[Data extracted from a collection]
════
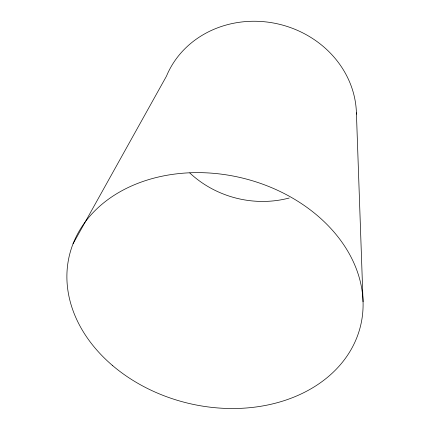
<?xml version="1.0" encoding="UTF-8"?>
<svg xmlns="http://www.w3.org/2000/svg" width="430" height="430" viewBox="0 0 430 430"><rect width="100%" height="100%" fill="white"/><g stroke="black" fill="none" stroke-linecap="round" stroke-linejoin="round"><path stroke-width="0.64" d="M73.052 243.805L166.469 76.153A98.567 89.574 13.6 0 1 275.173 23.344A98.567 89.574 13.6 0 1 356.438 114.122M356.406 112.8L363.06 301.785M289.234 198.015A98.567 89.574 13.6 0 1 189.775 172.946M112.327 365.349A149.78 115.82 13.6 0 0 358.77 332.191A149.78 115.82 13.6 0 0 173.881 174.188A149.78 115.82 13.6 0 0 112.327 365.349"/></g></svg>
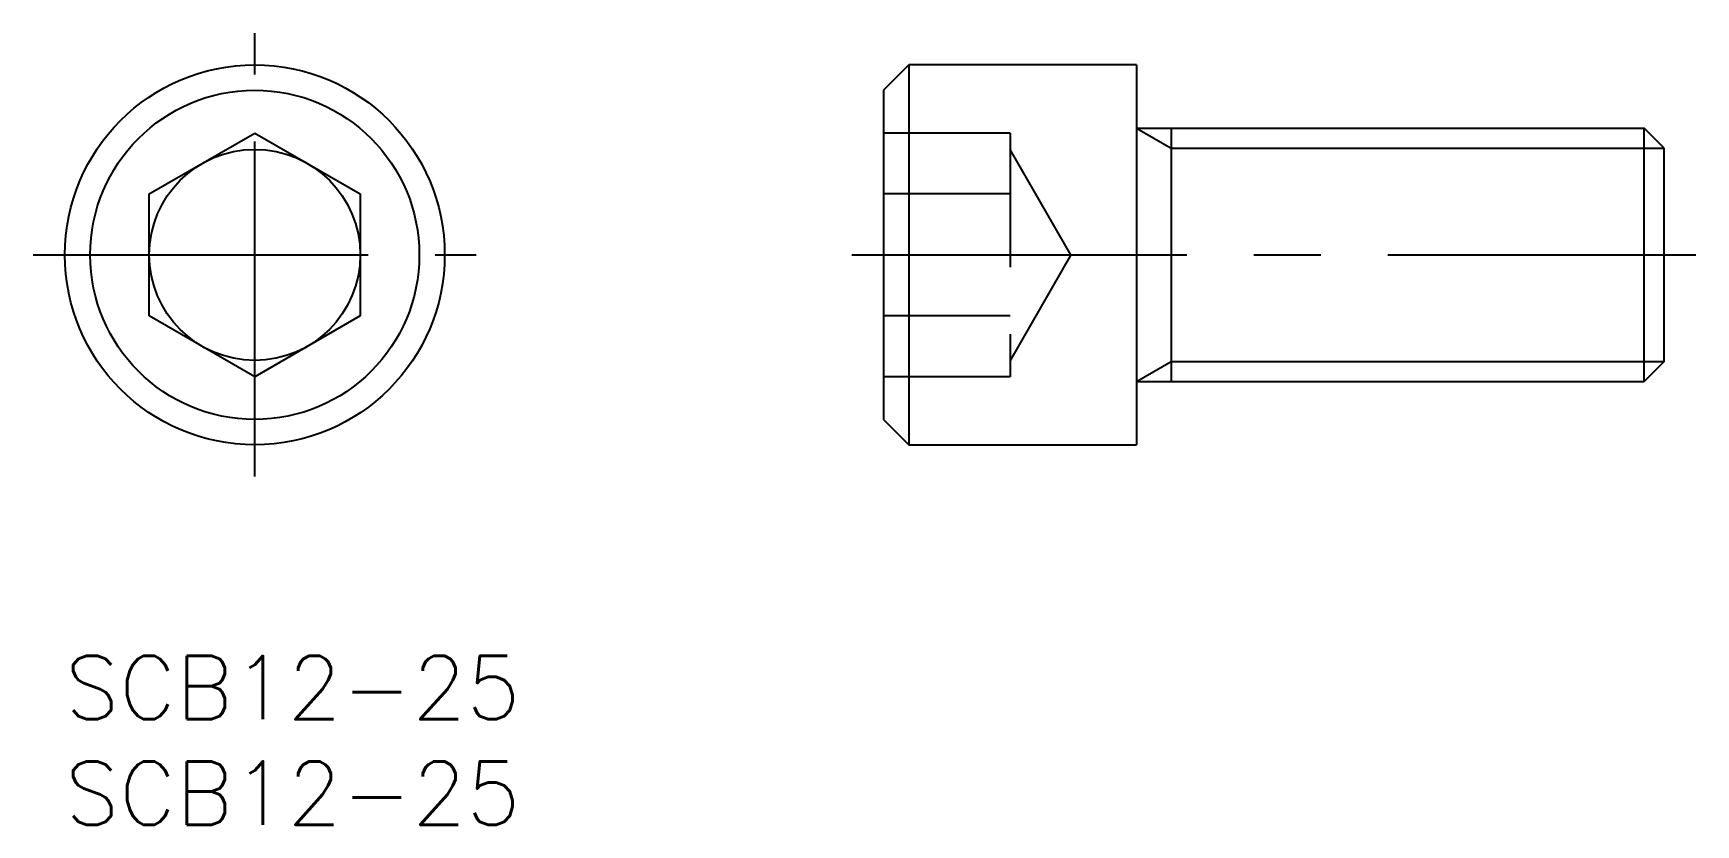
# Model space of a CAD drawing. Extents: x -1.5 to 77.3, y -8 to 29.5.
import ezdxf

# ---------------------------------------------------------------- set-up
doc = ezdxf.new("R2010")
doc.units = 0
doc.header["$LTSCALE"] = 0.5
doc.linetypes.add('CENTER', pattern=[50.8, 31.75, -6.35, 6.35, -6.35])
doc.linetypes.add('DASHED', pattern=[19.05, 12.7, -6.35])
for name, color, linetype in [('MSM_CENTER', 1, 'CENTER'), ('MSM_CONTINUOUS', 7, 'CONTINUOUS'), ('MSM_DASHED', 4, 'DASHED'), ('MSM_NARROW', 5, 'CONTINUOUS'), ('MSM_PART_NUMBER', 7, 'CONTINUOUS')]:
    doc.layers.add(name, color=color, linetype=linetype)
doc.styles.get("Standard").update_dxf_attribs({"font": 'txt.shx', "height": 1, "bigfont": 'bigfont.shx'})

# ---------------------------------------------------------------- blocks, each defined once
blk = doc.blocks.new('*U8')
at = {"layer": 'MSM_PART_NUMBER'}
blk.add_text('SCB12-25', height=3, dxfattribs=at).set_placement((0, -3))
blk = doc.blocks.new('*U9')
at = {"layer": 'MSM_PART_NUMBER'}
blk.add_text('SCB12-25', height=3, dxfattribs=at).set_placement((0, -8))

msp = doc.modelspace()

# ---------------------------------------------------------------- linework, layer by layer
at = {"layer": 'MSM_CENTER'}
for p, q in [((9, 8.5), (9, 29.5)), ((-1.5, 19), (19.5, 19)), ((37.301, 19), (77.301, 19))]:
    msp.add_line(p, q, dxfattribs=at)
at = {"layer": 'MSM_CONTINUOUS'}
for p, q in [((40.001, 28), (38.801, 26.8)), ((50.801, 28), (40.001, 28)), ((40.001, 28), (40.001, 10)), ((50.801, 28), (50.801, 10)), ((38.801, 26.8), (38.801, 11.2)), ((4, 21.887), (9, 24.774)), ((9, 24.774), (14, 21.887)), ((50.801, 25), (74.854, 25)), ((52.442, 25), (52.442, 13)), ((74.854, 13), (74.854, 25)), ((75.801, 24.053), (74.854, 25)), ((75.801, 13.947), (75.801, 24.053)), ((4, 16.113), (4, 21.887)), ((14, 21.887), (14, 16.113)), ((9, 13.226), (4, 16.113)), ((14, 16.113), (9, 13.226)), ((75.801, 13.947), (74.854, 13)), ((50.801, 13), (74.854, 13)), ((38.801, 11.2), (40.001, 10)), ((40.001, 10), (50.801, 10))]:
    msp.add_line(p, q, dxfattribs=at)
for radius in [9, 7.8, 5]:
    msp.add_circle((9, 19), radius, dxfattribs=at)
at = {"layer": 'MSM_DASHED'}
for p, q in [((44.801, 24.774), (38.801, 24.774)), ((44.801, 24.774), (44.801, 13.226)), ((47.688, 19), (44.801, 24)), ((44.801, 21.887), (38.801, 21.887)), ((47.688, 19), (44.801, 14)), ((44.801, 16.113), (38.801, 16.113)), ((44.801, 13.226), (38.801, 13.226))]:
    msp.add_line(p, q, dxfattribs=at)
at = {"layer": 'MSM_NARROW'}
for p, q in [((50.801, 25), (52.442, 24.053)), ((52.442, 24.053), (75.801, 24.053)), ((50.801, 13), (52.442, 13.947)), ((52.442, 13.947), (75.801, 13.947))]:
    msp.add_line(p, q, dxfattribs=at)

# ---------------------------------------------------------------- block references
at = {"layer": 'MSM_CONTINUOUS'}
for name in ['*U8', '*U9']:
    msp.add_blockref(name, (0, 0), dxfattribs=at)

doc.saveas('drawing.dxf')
════
What you will do:
Take from the entries every line that has the string "linetypes".

Exercise response:
doc.linetypes.add('CENTER', pattern=[50.8, 31.75, -6.35, 6.35, -6.35])
doc.linetypes.add('DASHED', pattern=[19.05, 12.7, -6.35])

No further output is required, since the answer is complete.